A husband tried to fake his own death by staging photos of himself in a morgue so his wife would stop asking him for money
Danny Gonzalez, 27, who is originally from Honduras but lives in the US, took photos of himself with cotton wool stuffed into his nostrils and mouth, and a white sheet over his body
A husband tried to fake his own death by staging photos of himself in a morgue so his wife would stop asking him for money.
Danny Gonzalez, 27, who is originally from Honduras but lives in the US, took photos of himself with cotton wool stuffed into his nostrils and mouth, and a white sheet over his body.
He sent the photos to his wife living back home in Saba, southern Honduras, along with a picture of a flower-covered coffin in a funeral parlour.
A message told her he had died from cancer and asthma, according to reports.
However, the ruse backfired after local media in his hometown started to report his sudden death, and the news reached his shocked friends and elderly parents.
But it didn’t take relatives long to realise all was not as it seemed, as Gonzalez appeared to be grinning in the photos.
Others noticed that he appeared to be lying in a doubled bed, and the white sheet over his body was actually a pillow cover.
When local media finally found him alive, he admitted the hoax was a ploy to make his of two years believe he had passed away.
He told the TV Sur channel: “My wife would call me every week just to ask to send more money.
"Every Saturday she would call me telling me I had sent her so much, and I needed to send her this much more.
"The rest of the week, not even a message.
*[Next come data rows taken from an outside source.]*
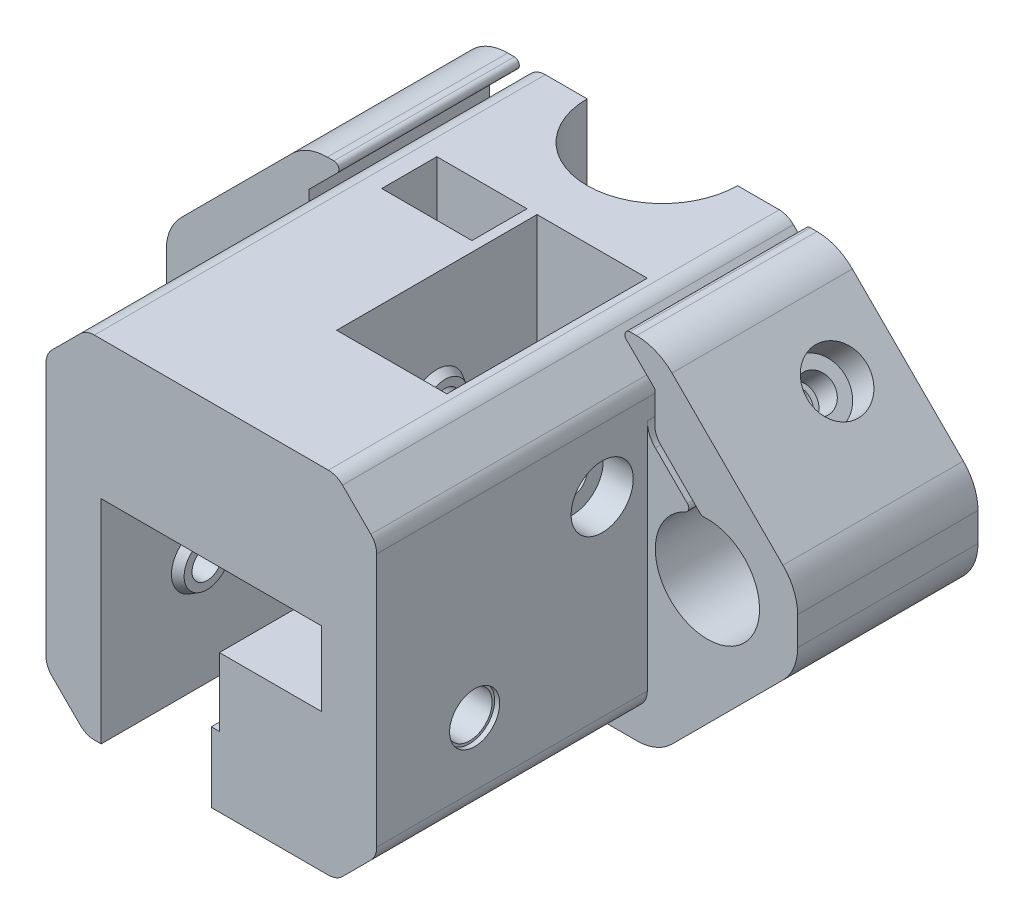
SolidWorks part; units mm, degrees
ref_plane "XY" through (0, 0, 0) normal (0, 0, 1) x (1, 0, 0)
ref_plane "XZ" through (0, 0, 0) normal (0, 1, 0) x (1, 0, 0)
ref_plane "YZ" through (0, 0, 0) normal (1, 0, 0) x (0, 0, -1)
sketch "Sketch1" plane through (0, 0, 0) normal (0, 0, 1) x (1, 0, 0)
  line L0 (-17.5, 17.5) -> (-31.5, 3.5)
  line L1 (31.5, -17.5) -> (17.5, -17.5) construction
  line L2 (31.5, -17.5) -> (31.5, -3.5) construction
  line L3 (31.5, 17.5) -> (17.5, 17.5) construction
  line L4 (-31.5, -17.5) -> (-31.5, -3.5) construction
  line L5 (31.5, -17.5) -> (-31.5, 17.5) construction
  line L6 (31.5, 17.5) -> (-31.5, -17.5) construction
  line L7 (-12.5, 17.5) -> (-16.5, 13.5)
  line L8 (-16.5, 13.5) -> (-16.5, 9.535)
  line L9 (-16.5, 9.535) -> (-21.0432, 4.9918)
  line L10 (-13.5607, 17.5) -> (-17.25, 13.8107)
  line L11 (-17.25, 13.8107) -> (-17.25, 9.8457)
  line L12 (-17.25, 9.8457) -> (-21.9273, 5.1684)
  line L13 (-17.25, 9.8457) -> (-21.5736, 5.5221) construction
  line L14 (-13.0303, 18.0303) -> (-17.25, 13.8107) construction
  line L15 (-13.5607, 17.5) -> (-17.5, 17.5)
  line L16 (0, 0) -> (-59.6161, 0) construction
  line L17 (0, 0) -> (0, 36.6742) construction
  line L18 (-17.5, -17.5) -> (-31.5, -3.5)
  line L19 (17.5, -17.5) -> (31.5, -3.5)
  line L20 (16.5, 9.535) -> (21.0432, 4.9918)
  line L21 (16.5, 13.5) -> (16.5, 9.535)
  line L22 (12.5, 17.5) -> (16.5, 13.5)
  line L23 (13.5607, 17.5) -> (17.25, 13.8107)
  line L24 (17.25, 13.8107) -> (17.25, 9.8457)
  line L25 (17.25, 9.8457) -> (21.9273, 5.1684)
  line L26 (17.5, 17.5) -> (31.5, 3.5)
  line L27 (12.5, 17.5) -> (-12.5, 17.5)
  line L28 (-17.5, 17.5) -> (-31.5, 17.5) construction
  line L29 (-31.5, 3.5) -> (-31.5, 17.5) construction
  line L30 (-31.5, -3.5) -> (-31.5, 3.5)
  line L31 (-17.5, -17.5) -> (-31.5, -17.5) construction
  line L32 (17.5, -17.5) -> (-17.5, -17.5)
  line L33 (31.5, -3.5) -> (31.5, 3.5)
  line L34 (31.5, 3.5) -> (31.5, 17.5) construction
  line L35 (17.5, 17.5) -> (13.5607, 17.5)
  arc A0 (-21.9273, 5.1684) -> (-21.0432, 4.9918) centre (-22.5, 0) ccw
  arc A1 (21.9273, 5.1684) -> (21.0432, 4.9918) centre (22.5, 0) cw
  point P0 (0, 0)
  dimension "D1" = 63
  dimension "D6" = 10.4
  dimension "D2" = 35
  dimension "D3" = 14
  dimension "D4" = 14
  dimension "D5" = 22.5
  dimension "D7" = 19
  dimension "D8" = 15
  dimension "D9" = 9.535
  dimension "D10" = 0.75
extrude "Boss-Extrude1" add sketch "Sketch1" along normal blind 18
sketch "Sketch2" plane through (0, 17.5, 0) normal (0, 1, 0) x (1, 0, 0)
  line L0 (12.5, 0) -> (-12.5, 0) construction
  line L1 (12.5, -18) -> (-12.5, -18) construction
  line L2 (-10, -18) -> (-1, -18)
  line L3 (-10, -18) -> (-10, -12.5)
  line L4 (-10, -12.5) -> (-1, -12.5)
  line L5 (-1, -18) -> (-1, -12.5)
  circle A0 centre (0, 0) radius 7.5
  point P10 (-5.5, -12.5)
  dimension "D1" = 15
  dimension "D2" = 9
  dimension "D3" = 5.5
  dimension "D4" = 5.5
extrude "Cut-Extrude1" cut sketch "Sketch2" against normal through all
fillet "Fillet1" radius 5 8 edges at (17.5, 17.5, 9) (31.5, 3.5, 9) (31.5, -3.5, 9) (17.5, -17.5, 9) (-17.5, -17.5, 9) (-31.5, -3.5, 9) (-31.5, 3.5, 9) (-17.5, 17.5, 9)
fillet "Fillet2" radius 0.5 6 edges at (-21.9273, 5.1684, 9) (-21.0432, 4.9918, 9) (21.0432, 4.9918, 9) (21.9273, 5.1684, 9) (-13.5607, 17.5, 9) (13.5607, 17.5, 9)
fillet "Fillet3" radius 2 2 edges at (17.25, 9.8457, 9) (-17.25, 9.8457, 9)
fillet "Fillet4" radius 2.75 2 edges at (-16.5, 9.535, 9) (16.5, 9.535, 9)
sketch "Sketch3" plane through (-17.5, 17.5, 0) normal (-0.7071, 0.7071, 0) x (0, 0, 1)
  line L0 (0, -2.0711) -> (0, -17.7279) construction
  circle A0 centre (6, -8.4) radius 1.75
  point P6 (-12.8431, 2.7076)
  dimension "D1" = 3.5
  dimension "D2" = 6
  dimension "D3" = 8.4
ref_plane "Plane1" through (0, 0, 6) normal (0, 0, -1) x (-1, 0, 0)
sketch "Sketch4" plane through (0, 0, 6) normal (0, 0, -1) x (-1, 0, 0)
  line L0 (23.4397, 11.5603) -> (11.3618, -0.5176) construction
  line L1 (24.6771, 10.3229) -> (22.2023, 12.7977) construction
  line L2 (23.4397, 11.5603) -> (25.561, 9.439)
  line L3 (18.9645, 16.0355) -> (30.0355, 4.9645) construction
  line L4 (25.561, 9.439) -> (23.4397, 7.3177)
  line L5 (23.4397, 7.3177) -> (22.5558, 8.2015)
  line L6 (12.8331, 0.9537) -> (23.4397, 11.5603)
  line L9 (22.5558, 8.2015) -> (14.0705, -0.2837)
  line L10 (14.0705, -0.2837) -> (12.8331, 0.9537)
  dimension "D1" = 3
  dimension "D2" = 1.75
  dimension "D3" = 3
  dimension "D4" = 15
revolve "Cut-Revolve1" cut sketch "Sketch4" angle 360 about L0
sketch "Sketch6" plane through (-6.8934, 6.8934, 0) normal (-0.7071, 0.7071, 0) x (0, 0, 1)
  line L0 (0, -2.0711) -> (0, -17.7279) construction
  line L1 (3.425, -9.8867) -> (6, -11.3734)
  line L2 (6, -11.3734) -> (8.575, -9.8867)
  line L3 (8.575, -9.8867) -> (8.575, -6.9133)
  line L4 (8.575, -6.9133) -> (6, -5.4266)
  line L5 (6, -5.4266) -> (3.425, -6.9133)
  line L6 (3.425, -6.9133) -> (3.425, -9.8867)
  circle A0 centre (6, -8.4) radius 2.575 construction
  dimension "D1" = 5.15
extrude "Cut-Extrude2" cut sketch "Sketch6" against normal blind 15
mirror "Mirror1" about plane through (0, 0, 0) normal (1, 0, 0) of "Cut-Extrude2", "Cut-Revolve1"
sketch "Sketch7" plane through (0, 0, 0) normal (0, 0, -1) x (-1, 0, 0)
  circle A0 centre (-12.5, 12.5) radius 1.6
  dimension "D1" = 3.2
  dimension "D2" = 12.5
  dimension "D3" = 12.5
extrude "Cut-Extrude3" cut sketch "Sketch7" against normal blind 10
sketch "Sketch8" plane through (0, 0, 0) normal (0, 0, -1) x (-1, 0, 0)
  circle A0 centre (-12.5, 12.5) radius 2.35
  dimension "D1" = 4.7
extrude "Cut-Extrude4" cut sketch "Sketch8" against normal blind 5
sketch "Sketch9" plane through (0, 0, 0) normal (0, 0, -1) x (-1, 0, 0)
  circle A0 centre (-12.5, 12.5) radius 2.5
  dimension "D1" = 5
extrude "Cut-Extrude5" cut sketch "Sketch9" against normal blind 0.5
mirror "Mirror2" about plane through (0, 0, 0) normal (0, 1, 0) of "Cut-Extrude5", "Cut-Extrude4", "Cut-Extrude3"
mirror "Mirror3" about plane through (0, 0, 0) normal (1, 0, 0) of "Mirror2", "Cut-Extrude5", "Cut-Extrude4", "Cut-Extrude3"
sketch "Sketch10" plane through (0, 0, 18) normal (0, 0, 1) x (1, 0, 0)
  line L0 (12.5, 17.5) -> (-1, 17.5) construction
  line L1 (16.5, 13.5) -> (12.5, 17.5) construction
  line L2 (16.5, 10.6741) -> (16.5, 13.5) construction
  line L3 (12.5, 17.5) -> (-12.5, 17.5)
  line L4 (16.5, 13.5) -> (12.5, 17.5)
  line L5 (16.5, -13.5) -> (16.5, 13.5)
  line L6 (0, -17.5) -> (0, 17.5) construction
  line L7 (0, 0) -> (16.5, 0) construction
  line L8 (-16.5, -13.5) -> (-16.5, 13.5)
  line L9 (-16.5, 13.5) -> (-12.5, 17.5)
  line L10 (-16.5, -13.5) -> (-12.5, -17.5)
  line L11 (16.5, -13.5) -> (12.5, -17.5)
  line L12 (12.5, -17.5) -> (-12.5, -17.5)
  point P14 (-16.5, 0)
extrude "Boss-Extrude2" add sketch "Sketch10" along normal offset from surface (27 mm away) 45 up to face at (-10, -12.5, 0)
sketch "Sketch11" plane through (0, 17.5, 0) normal (0, 1, 0) x (1, 0, 0)
  line L0 (-1, -12.5) -> (-10, -12.5) construction
  line L1 (0, -12.5) -> (11, -12.5)
  line L2 (0, -12.5) -> (0, -32.5)
  line L3 (0, -32.5) -> (11, -32.5)
  line L4 (11, -12.5) -> (11, -32.5)
  dimension "D1" = 20
  dimension "D2" = 11
extrude "Cut-Extrude6" cut sketch "Sketch11" against normal blind 21.2
sketch "Sketch12" plane through (0, 0, 32.5) normal (0, 0, -1) x (-1, 0, 0)
  line L0 (0, -3.7) -> (-11, -3.7) construction
  line L1 (0, -3.7) -> (-11, -3.7)
  line L2 (0, 0) -> (-16.491, 0) construction
  line L3 (-11, -3.7) -> (-11, 3.7)
  line L4 (-11, 3.7) -> (0, 3.7)
  line L5 (0, 3.7) -> (0, -3.7)
  line L6 (0, -3.7) -> (0, -3.5912)
  line M2 (-11, 17.5) -> (-11, -3.7)
  line M3 (-11, -3.7) -> (0, -3.7)
  line M4 (0, -3.7) -> (0, 17.5)
extrude "Cut-Extrude7" cut sketch "Sketch12" against normal up to surface (12.5 mm away) contours L2 L4 M4 M2 | L5 L2 L3 M3 M4 region at (5.5, -1.85, 32.5) region at (5.5, 1.85, 32.5) up to face at (0, 0, 45)
fillet "Fillet5" radius 10 1 edges at (5.5, -3.7, 12.5)
sketch "Sketch13" plane through (0, -17.5, 0) normal (0, -1, 0) x (1, 0, 0)
  line L1 (0, 45) -> (-11, 45)
  line L2 (0, 45) -> (0, 25.2)
  line L3 (0, 25.2) -> (-11, 25.2)
  line L4 (-11, 45) -> (-11, 25.2)
  dimension "D1" = 11
  dimension "D2" = 19.8
extrude "Cut-Extrude8" cut sketch "Sketch13" against normal up to surface (21.2 mm away) up to face at (5.5, 3.7, 38.75)
fillet "Fillet6" radius 10 1 edges at (-5.5, 3.7, 25.2) tangent propagation no
sketch "Sketch14" plane through (0, 0, 45) normal (0, 0, 1) x (1, 0, 0)
  line L0 (-11, 3.7) -> (11, 3.7) construction
  line L1 (11, -3.7) -> (11, 3.7) construction
  line L2 (0, -3.7) -> (11, -3.7) construction
  line L3 (0, 3.7) -> (11, 3.7)
  line L4 (11, -3.7) -> (11, 3.7)
  line L5 (0, -3.7) -> (11, -3.7)
  line L6 (0, -3.7) -> (0, 3.7)
extrude "Cut-Extrude9" cut sketch "Sketch14" against normal up to surface (12.5 mm away) up to face at (5.5, 10.4143, 32.5)
sketch "Sketch15" plane through (-11, 0, 0) normal (1, 0, 0) x (0, 0, -1)
  circle A0 centre (-35.23, -6.365) radius 2.75
  dimension "D1" = 5.5
  dimension "D2" = 35.23
  dimension "D3" = 6.365
extrude "Boss-Extrude3" add sketch "Sketch15" along normal blind 0.8 draft 30
sketch "Sketch16" plane through (0, 0, 0) normal (-1, 0, 0) x (0, 0, 1)
  line L1 (45, -3.7) -> (31, -3.7)
  line L2 (45, -3.7) -> (45, -10.515)
  line L3 (45, -10.515) -> (31, -10.515)
  line L4 (31, -3.7) -> (31, -10.515)
  dimension "D1" = 6.815
  dimension "D2" = 14
extrude "Cut-Extrude10" cut sketch "Sketch16" against normal blind 0.8
ref_plane "Plane2" through (0, 0, 35.23) normal (0, 0, 1) x (1, 0, 0)
sketch "Sketch17" plane through (0, 0, 35.23) normal (0, 0, 1) x (1, 0, 0)
  line L0 (31.9477, -6.365) -> (-32.235, -6.365) construction
  line L2 (-11, -9.115) -> (-11, -3.615) construction
  line L3 (-11, -9.115) -> (-11, -3.615) construction
  line L4 (-16.5, -6.365) -> (-16.5, -3.265)
  line L5 (-16.5, 10.6741) -> (-16.5, -13.5) construction
  line L6 (-16.5, -3.265) -> (-13.5, -3.265)
  line L7 (-13.5, -3.265) -> (-13.5, -4.865)
  line L8 (-13.5, -4.865) -> (11.5, -4.865)
  line L9 (11.5, -4.865) -> (11.5, -4.115)
  line L10 (11.5, -4.115) -> (16, -4.115)
  line L11 (16, -4.115) -> (16, -3.865)
  line L12 (16, -3.865) -> (16.5, -3.865)
  line L13 (16.5, 13.5) -> (16.5, -13.5) construction
  line L14 (16.5, -3.865) -> (16.5, -6.365)
  line L15 (16.5, -13.5) -> (16.5, 10.6741) construction
  line L16 (16.5, -6.365) -> (-16.5, -6.365)
  point P5 (-11, -6.365)
  dimension "D1" = 3
  dimension "D2" = 3.1
  dimension "D3" = 1.5
  dimension "D4" = 2.25
  dimension "D5" = 2.5
  dimension "D6" = 0.5
  dimension "D7" = 5
revolve "Cut-Revolve2" cut sketch "Sketch17" angle 360 about L0
sketch "Sketch18" plane through (11, 0, 0) normal (-1, 0, 0) x (0, 0, 1)
  circle A0 centre (22.5, 6.365) radius 1.5
  dimension "D1" = 6.365
  dimension "D3" = 3
  dimension "D2" = 22.5
sketch "Sketch19" plane through (11, 0, 0) normal (-1, 0, 0) x (0, 0, 1)
  circle A0 centre (22.5, 6.365) radius 2.75
  dimension "D1" = 5.5
extrude "Boss-Extrude4" add sketch "Sketch19" along normal blind 0.8 draft 30
ref_plane "Plane3" through (5.5, 0, 0) normal (1, 0, 0) x (0, 0, -1)
mirror "Mirror4" about plane through (5.5, 0, 0) normal (1, 0, 0) of "Boss-Extrude4"
ref_plane "Plane4" through (0, 0, 22.5) normal (0, 0, 1) x (1, 0, 0)
sketch "Sketch20" plane through (0, 0, 22.5) normal (0, 0, 1) x (1, 0, 0)
  line L0 (11, 6.365) -> (-21.7769, 6.365) construction
  line L1 (16.5, 6.365) -> (16.5, 9.465)
  line L2 (16.5, 13.5) -> (16.5, -13.5) construction
  line L3 (16.5, 9.465) -> (13.5, 9.465)
  line L4 (13.5, 9.465) -> (13.5, 7.865)
  line L5 (13.5, 7.865) -> (-11.5, 7.865)
  line L6 (-11.5, 7.865) -> (-11.5, 8.615)
  line L7 (-11.5, 8.615) -> (-16, 8.615)
  line L8 (-16, 8.615) -> (-16, 8.865)
  line L9 (-16, 8.865) -> (-16.5, 8.865)
  line L10 (-16.5, -13.5) -> (-16.5, 13.5) construction
  line L11 (-16.5, 8.865) -> (-16.5, 6.365)
  line L12 (-16.5, 10.6741) -> (-16.5, -13.5) construction
  line L13 (-16.5, 6.365) -> (16.5, 6.365)
  dimension "D1" = 3.1
  dimension "D2" = 3
  dimension "D3" = 1.5
  dimension "D4" = 2.25
  dimension "D5" = 2.5
  dimension "D6" = 0.5
  dimension "D7" = 25
revolve "Cut-Revolve3" cut sketch "Sketch20" angle 360 about L0
fillet "Fillet7" radius 2 8 edges at (16.5, -13.5, 31.5) (12.5, -17.5, 31.5) (-12.5, -17.5, 31.5) (-16.5, -13.5, 31.5) (16.5, 13.5, 22.5) (12.5, 17.5, 22.5) (-12.5, 17.5, 22.5) (-16.5, 13.5, 22.5)

She would never send photos or ask me anything else.
“She kept asking me to send her mobile phones.
"I’d already sent six and she always rang me to tell me it had been stolen.”
But a neighbour told the channel that the news of his death had been “a terrible blow” for his elderly parents, who also live in Saba.
Other family members reportedly slammed him as “an ungrateful son”.
Social media users also criticised Gonzalez, who had been living in the US for several years.
One, Zuly Deras, wrote: “Better to have been honest with your parents and tell them that you no longer want to help them, than not to lie in that way. You can really die after playing in that way. God have mercy on you.”
Many Honduras families rely on relatives who have made it to the US to help them financially.
From January to May 2018, 1.5 million US dollars were sent back home by Hondurans living in the States.